Chronic social isolation reduces 5-HT neuronal activity via upregulated SK3 calcium-activated potassium channels

摘要

Major depressive disorder is a common and debilitating disease that interferes with the afflicted person’s everyday life. While some patients do benefit from antidepressant treatments, these medications need to be taken for several weeks before they become effective. Still, a large proportion of patients do not recover fully and some do not respond at all to the existing treatments. As a result, there is a need to find new and more effective treatments for depression. The most widely used antidepressant drugs target the chemical messenger or neurotransmitter called serotonin.

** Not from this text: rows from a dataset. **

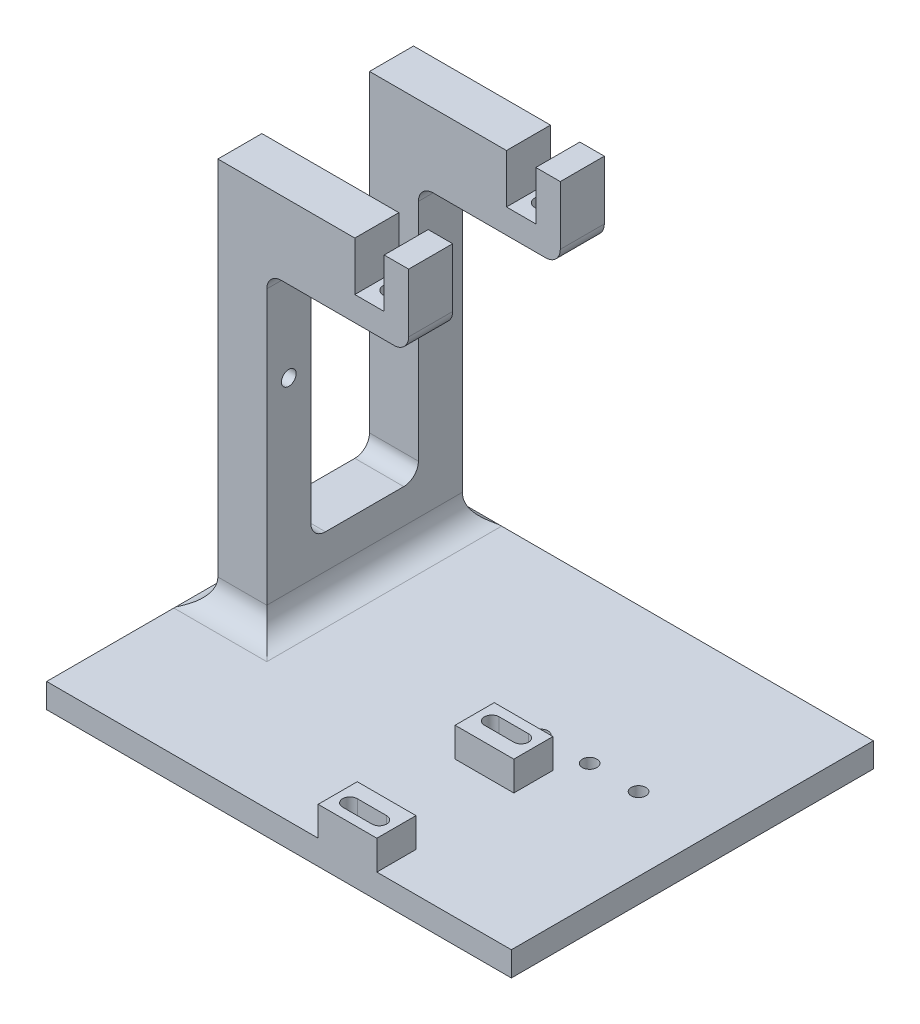
SolidWorks part; units mm, degrees
ref_plane "Front Plane" through (0, 0, 0) normal (0, 0, 1) x (1, 0, 0)
ref_plane "Top Plane" through (0, 0, 0) normal (0, 1, 0) x (1, 0, 0)
ref_plane "Right Plane" through (0, 0, 0) normal (1, 0, 0) x (0, 0, -1)
sketch "Sketch1" plane through (0, 0, 0) normal (0, 0, 1) x (1, 0, 0)
  line L0 (10, 5) -> (45, 5) construction
  line L1 (0, 0) -> (45, 0) construction
  line L2 (0, 0) -> (0, 84) construction
  line L3 (0, 84) -> (28, 84)
  line L5 (10, 5) -> (10, 69)
  line L6 (10, 69) -> (39, 69)
  line L8 (45, 5) -> (45, 0) construction
  line L18 (0, 84) -> (0, 5)
  line L19 (39, 84) -> (39, 69)
  line L20 (28, 84) -> (34, 84) construction
  line L21 (28, 84) -> (34, 84) construction
  line L22 (28, 84) -> (28, 74)
  line L23 (28, 74) -> (34, 74)
  line L24 (34, 84) -> (34, 74)
  line L25 (34, 84) -> (39, 84)
  line L26 (0, 5) -> (10, 5)
  dimension "D2" = 84
  dimension "D3" = 39
  dimension "D4" = 45
  dimension "D5" = 5
  dimension "D6" = 6
  dimension "D7" = 10
  dimension "D1" = 5
  dimension "D8" = 15
  dimension "D9" = 10
extrude "Boss-Extrude1" add sketch "Sketch1" along normal blind 40
sketch "Sketch2" plane through (0, 0, 0) normal (-1, 0, 0) x (0, 0, 1)
  line L1 (9, 84) -> (31, 84)
  line L2 (9, 84) -> (9, 17)
  line L3 (9, 17) -> (31, 17)
  line L4 (31, 84) -> (31, 17)
  line L6 (40, 5) -> (0, 5) construction
  line L7 (40, 84) -> (0, 84) construction
  point P6 (20, 5)
  point P9 (20, 17)
  dimension "D1" = 12
  dimension "D2" = 22
extrude "Cut-Extrude1" cut sketch "Sketch2" against normal through all
sketch "Sketch4" plane through (0, 74, 0) normal (0, 1, 0) x (1, 0, 0)
  line L0 (31, -31) -> (31, -40) construction
  line L1 (34, -31) -> (28, -31) construction
  line L2 (34, -40) -> (28, -40) construction
  line L3 (0, -20) -> (39, -20) construction
  line L6 (0, -9) -> (0, -31) construction
  line L8 (39, -40) -> (39, -31) construction
  circle A0 centre (31, -35.5) radius 1.7
  circle A1 centre (31, -4.5) radius 1.7
  dimension "D1" = 3.4
extrude "Cut-Extrude2" cut sketch "Sketch4" against normal up to next
fillet "Fillet1" radius 3 2 edges at (5, 17, 31) (5, 17, 9)
fillet "Fillet2" radius 3 4 edges at (39, 69, 4.5) (39, 69, 35.5) (10, 69, 35.5) (10, 69, 4.5)
sketch "Sketch10" plane through (10, 0, 0) normal (1, 0, 0) x (0, 0, -1)
  line L1 (-71, 5) -> (3, 5)
  line L2 (-71, 5) -> (-71, 0)
  line L3 (-71, 0) -> (3, 0)
  line L4 (3, 5) -> (3, 0)
  line L5 (0, 5) -> (0, 66) construction
  line L6 (-40, 5) -> (0, 5) construction
  dimension "D1" = 5
  dimension "D2" = 3
  dimension "D3" = 74
extrude "Boss-Extrude2" add sketch "Sketch10" along normal blind 81 and the other way blind 14
sketch "Sketch13" plane through (0, 5, 0) normal (0, 1, 0) x (1, 0, 0)
  line L0 (54.5, -67.5) -> (60.5, -67.5) construction
  line L1 (54.5, -66) -> (60.5, -66)
  line L2 (54.5, -69) -> (60.5, -69)
  line L3 (-4, -71) -> (91, -71) construction
  line L4 (91, 3) -> (91, -71) construction
  line L5 (-4, -56) -> (91, -56) construction
  line L6 (-4, 3) -> (-4, -71) construction
  line L7 (54.5, -38.5) -> (60.5, -38.5) construction
  line L10 (54.5, -37) -> (60.5, -37)
  line L11 (54.5, -40) -> (60.5, -40)
  arc A0 (54.5, -66) -> (54.5, -69) centre (54.5, -67.5) ccw
  arc A1 (60.5, -69) -> (60.5, -66) centre (60.5, -67.5) ccw
  arc A4 (54.5, -37) -> (54.5, -40) centre (54.5, -38.5) ccw
  arc A5 (60.5, -40) -> (60.5, -37) centre (60.5, -38.5) ccw
  point P2 (57.5, -67.5)
  point P19 (57.5, -38.5)
  dimension "D2" = 1.5
  dimension "D1" = 6
  dimension "D3" = 2
  dimension "D4" = 33.5
  dimension "D5" = 15
  dimension "D7" = 29
  dimension "D6" = 2
extrude "Cut-Extrude6" cut sketch "Sketch13" against normal up to next
sketch "Sketch14" plane through (0, 5, 0) normal (0, 1, 0) x (1, 0, 0)
  line L0 (-4, -71) -> (91, -71) construction
  line L1 (51.5, -71) -> (63.5, -71)
  line L2 (51.5, -71) -> (51.5, -63)
  line L3 (51.5, -63) -> (63.5, -63)
  line L4 (63.5, -71) -> (63.5, -63)
  line L6 (54.5, -69) -> (60.5, -69) construction
  line L7 (51.5, -43) -> (51.5, -35)
  line L8 (51.5, -43) -> (63.5, -43)
  line L9 (63.5, -43) -> (63.5, -35)
  line L10 (51.5, -35) -> (63.5, -35)
  line L11 (60.5, -37) -> (54.5, -37) construction
  line L12 (54.5, -40) -> (60.5, -40) construction
  line L13 (60.5, -66) -> (54.5, -66) construction
  line L14 (60.5, -37) -> (54.5, -37)
  line L15 (54.5, -40) -> (60.5, -40)
  line L16 (60.5, -66) -> (54.5, -66)
  line L17 (54.5, -69) -> (60.5, -69)
  arc A0 (54.5, -37) -> (54.5, -40) centre (54.5, -38.5) ccw construction
  arc A1 (60.5, -40) -> (60.5, -37) centre (60.5, -38.5) ccw construction
  arc A2 (54.5, -66) -> (54.5, -69) centre (54.5, -67.5) ccw construction
  arc A3 (60.5, -69) -> (60.5, -66) centre (60.5, -67.5) ccw construction
  arc A4 (54.5, -37) -> (54.5, -40) centre (54.5, -38.5) ccw
  arc A5 (60.5, -40) -> (60.5, -37) centre (60.5, -38.5) ccw
  arc A6 (54.5, -66) -> (54.5, -69) centre (54.5, -67.5) ccw
  arc A7 (60.5, -69) -> (60.5, -66) centre (60.5, -67.5) ccw
  point P6 (57.5, -69)
  point P8 (57.5, -71)
  dimension "D1" = 8
  dimension "D2" = 12
  dimension "D3" = 2
extrude "Boss-Extrude3" add sketch "Sketch14" along normal blind 6
fillet "Fillet3" radius 5 4 edges at (10, 5, 20) (5, 5, 0) (0, 5, 20) (5, 5, 40)
sketch "Sketch15" plane through (0, 5, 0) normal (0, 1, 0) x (1, 0, 0)
  line L0 (91, 3) -> (91, -71) construction
  line L1 (91, -35) -> (51, -35)
  line L2 (91, -35) -> (91, -25)
  line L3 (91, -25) -> (51, -25)
  line L4 (51, -35) -> (51, -25)
  line L5 (15, 3) -> (91, 3) construction
  line L6 (51, -30) -> (91, -30) construction
  line L7 (81, -25) -> (81, -35) construction
  circle A0 centre (56, -30) radius 1.5
  circle A1 centre (66, -30) radius 1.5
  circle A2 centre (76, -30) radius 1.5
  dimension "D5" = 3
  dimension "D6" = 3
  dimension "D7" = 3
  dimension "D1" = 28
  dimension "D2" = 40
  dimension "D3" = 10
  dimension "D4" = 10
  dimension "D8" = 10
  dimension "D9" = 10
  dimension "D10" = 5
extrude "Cut-Extrude8" cut sketch "Sketch15" against normal through all contours A1 | A2 | A0 region at (66, 5, 30) region at (76, 5, 30)
sketch "Sketch16" plane through (10, 0, 0) normal (1, 0, 0) x (0, 0, -1)
  line L0 (-4.5, 66) -> (-4.5, 10) construction
  line L1 (0, 66) -> (-9, 66) construction
  line L2 (-40, 10) -> (0, 10) construction
  line L3 (-20, 17) -> (-20, 84.9261) construction
  line L4 (-12, 17) -> (-28, 17) construction
  circle A0 centre (-4.5, 48) radius 1.5
  circle A1 centre (-35.5, 48) radius 1.5
  point P14 (0, 0)
  point P15 (0, 0)
  point P16 (0, 0)
  dimension "D1" = 3
  dimension "D2" = 38
extrude "Cut-Extrude9" cut sketch "Sketch16" against normal through all
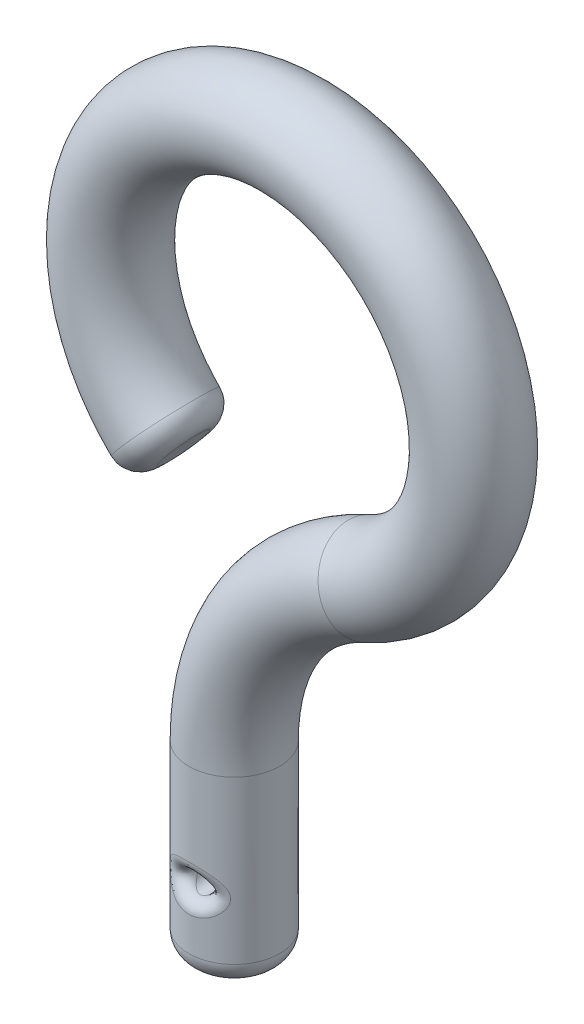
SolidWorks part; units mm, degrees
ref_plane "Спереди" through (0, 0, 0) normal (0, 0, 1) x (1, 0, 0)
ref_plane "Сверху" through (0, 0, 0) normal (0, 1, 0) x (1, 0, 0)
ref_plane "Справа" through (0, 0, 0) normal (1, 0, 0) x (0, 0, -1)
sketch "Эскиз1" plane through (0, 0, 0) normal (0, 1, 0) x (1, 0, 0)
  circle A0 centre (0, 0) radius 2
  dimension "D1" = 4
sketch "Эскиз2" plane through (0, 0, 0) normal (0, 0, 1) x (1, 0, 0)
  line L0 (0, 0) -> (0, 8.149)
  arc A0 (0, 8.149) -> (5.8593, 17.2514) centre (10, 8.149) cw
  arc A1 (5.8593, 17.2514) -> (-2.273, 18.1482) centre (2.5467, 24.5334) ccw
  dimension "D1" = 10
  dimension "D2" = 8
sweep "По траектории1" add profiles "Эскиз1" path "Эскиз2"
sketch "Эскиз3" plane through (0, 0, 0) normal (0, 0, 1) x (1, 0, 0)
  circle A0 centre (0, 3.5) radius 0.5
  dimension "D1" = 1
  dimension "D2" = 3.5
extrude "Вытянуть1" cut sketch "Эскиз3" against normal blind 10 and the other way blind 10
fillet "Скругление1" radius 0.5 2 edges at (0.4903, 3.5979, 1.939) (-0.0978, 3.0097, -1.9976)
fillet "Скругление2" radius 1 2 edges at (0, 0, 2) (-2.273, 18.1482, 2)
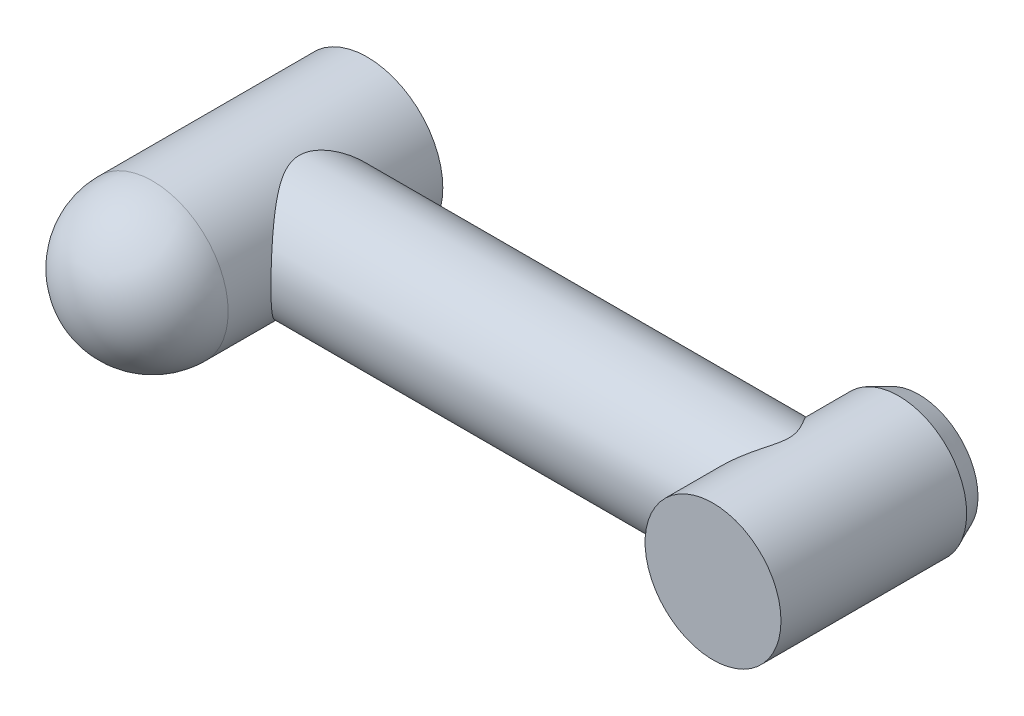
SolidWorks part; units mm, degrees
ref_plane "Front Plane" through (0, 0, 0) normal (0, 0, 1) x (1, 0, 0)
ref_plane "Top Plane" through (0, 0, 0) normal (0, 1, 0) x (1, 0, 0)
ref_plane "Right Plane" through (0, 0, 0) normal (1, 0, 0) x (0, 0, -1)
sketch "Sketch1" plane through (0, 0, 0) normal (0, 0, 1) x (1, 0, 0)
  circle A0 centre (0, 0) radius 60
  dimension "D1" = 120
extrude "Boss-Extrude1" add sketch "Sketch1" along normal blind 230.5
fillet "Fillet1" radius 60 1 edges at (60, 0, 230.5)
sketch "Sketch2" plane through (0, 0, 0) normal (1, 0, 0) x (0, 0, -1)
  line L0 (0, -60) -> (0, 60) construction
  circle A0 centre (-85.5, 0) radius 51
  dimension "D2" = 102
  dimension "D1" = 85.5
extrude "Boss-Extrude2" add sketch "Sketch2" along normal blind 438.15
ref_axis "Axis1" through (438.15, 0, 85.5) along (-1, 0, 0)
ref_plane "Plane1" through (0, 0, 85.5) normal (0, 0, 1) x (1, 0, 0)
sketch "Sketch3" plane through (0, 0, 85.5) normal (0, 0, 1) x (1, 0, 0)
  line L0 (438.15, -51) -> (438.15, 51) construction
  line L1 (438.15, -51) -> (438.15, 51)
  circle A0 centre (438.15, 0) radius 53.975
  dimension "D1" = 107.95
extrude "Boss-Extrude3" add sketch "Sketch3" along normal blind 78 and the other way blind 85.5 contours A0 region at (385.7016, 0, 85.5)
chamfer "Chamfer1" distance 7 distance2 16 1 edges at (492.125, 0, 0) first distance on face at (492.125, 0, 0)
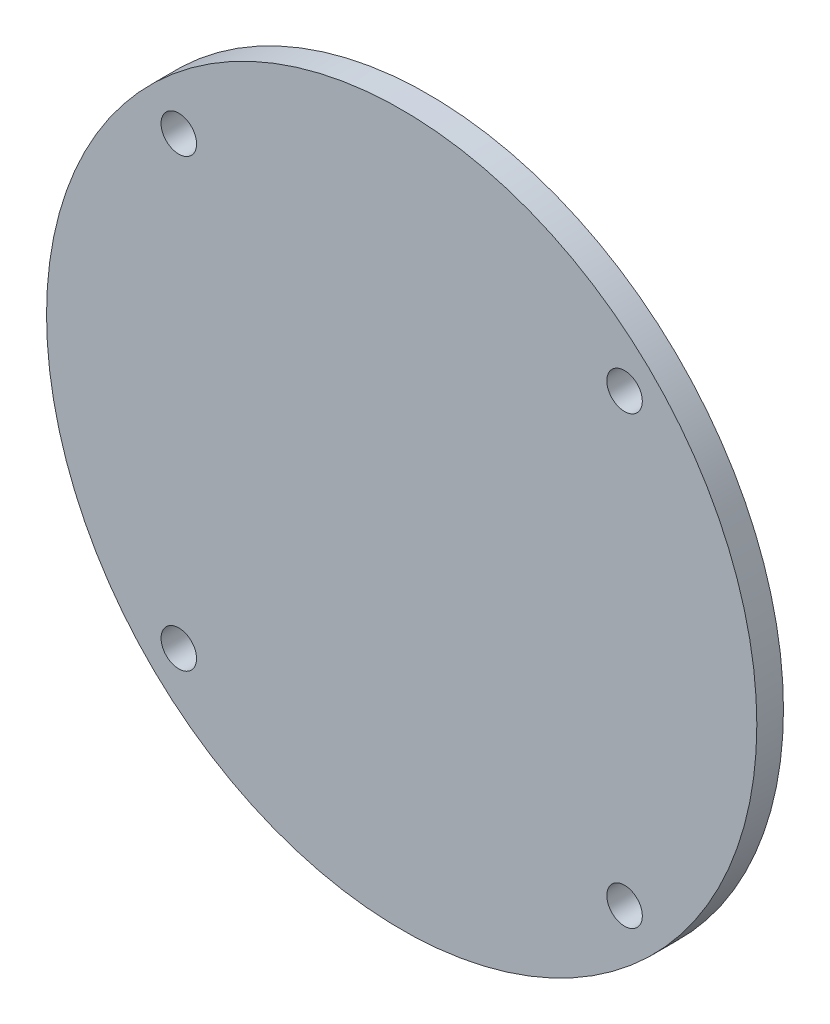
SolidWorks part; units mm, degrees
ref_plane "前视基准面" through (0, 0, 0) normal (0, 0, 1) x (1, 0, 0)
ref_plane "上视基准面" through (0, 0, 0) normal (0, 1, 0) x (1, 0, 0)
ref_plane "右视基准面" through (0, 0, 0) normal (1, 0, 0) x (0, 0, -1)
sketch "草图1" plane through (0, 0, 0) normal (0, 0, 1) x (1, 0, 0)
  line L1 (-25.1023, -25.1023) -> (25.1023, -25.1023)
  line L2 (-25.1023, -25.1023) -> (-25.1023, 25.1023)
  line L3 (-25.1023, 25.1023) -> (25.1023, 25.1023)
  line L4 (25.1023, -25.1023) -> (25.1023, 25.1023)
  line L5 (-25.1023, -25.1023) -> (25.1023, 25.1023) construction
  line L6 (-25.1023, 25.1023) -> (25.1023, -25.1023) construction
  circle A0 centre (0, 0) radius 40
  circle A1 centre (-25.1023, 25.1023) radius 2
  circle A2 centre (25.1023, 25.1023) radius 2
  circle A3 centre (25.1023, -25.1023) radius 2
  circle A4 centre (-25.1023, -25.1023) radius 2
  dimension "D2" = 80
  dimension "D4" = 4
  dimension "D5" = 4
  dimension "D6" = 4
  dimension "D7" = 4
  dimension "D1" = 71
extrude "凸台-拉伸1" add sketch "草图1" along normal blind 3 contours A0 A4 L2 A1 L3 A2 L4 A3 L1 | A4 L1 A3 L4 A2 L3 A1 L2 region at (0, 0, 0) region at (-38.8686, 0, 0)

The majority of nerve cells that produce serotonin are located in a region deep in the brain known as the dorsal raphe nucleus. When active, these nerve cells release serotonin; this in turn controls the cells’ own activity as well as the activity of a large number of connected nerve cells located throughout the brain. Any disruption in this system will have a widespread impact and can potentially increase the risk of disturbed moods. However, it was not exactly clear what alters the activity of serotonin-producing nerve cells in depression. Now, Sargin et al. have identified a previously unknown mechanism that underlies changes to the activity of serotonin-producing nerve cells. Keeping mice isolated for a prolonged period elicits the symptoms of depression. Sargin et al. found that serotonin-producing nerve cells were dramatically less active in isolated mice and that a specific type of ion channel protein (the SK3 channel) was more abundant in these nerve cells. A higher amount of this channel inhibits the activity of nerve cells. Blocking these inhibitory SK3 channels (using a drug that can be obtained from bee venom) restored normal activity in the serotonin-producing cells. Moreover, this treatment alleviated the depressive symptoms of the isolated mice. The findings of Sargin et al. suggest a new way to treat the symptoms of depression. Yet to translate them into an accessible treatment for patients, future work will be required to develop drugs that can specifically and potently target the affected channel.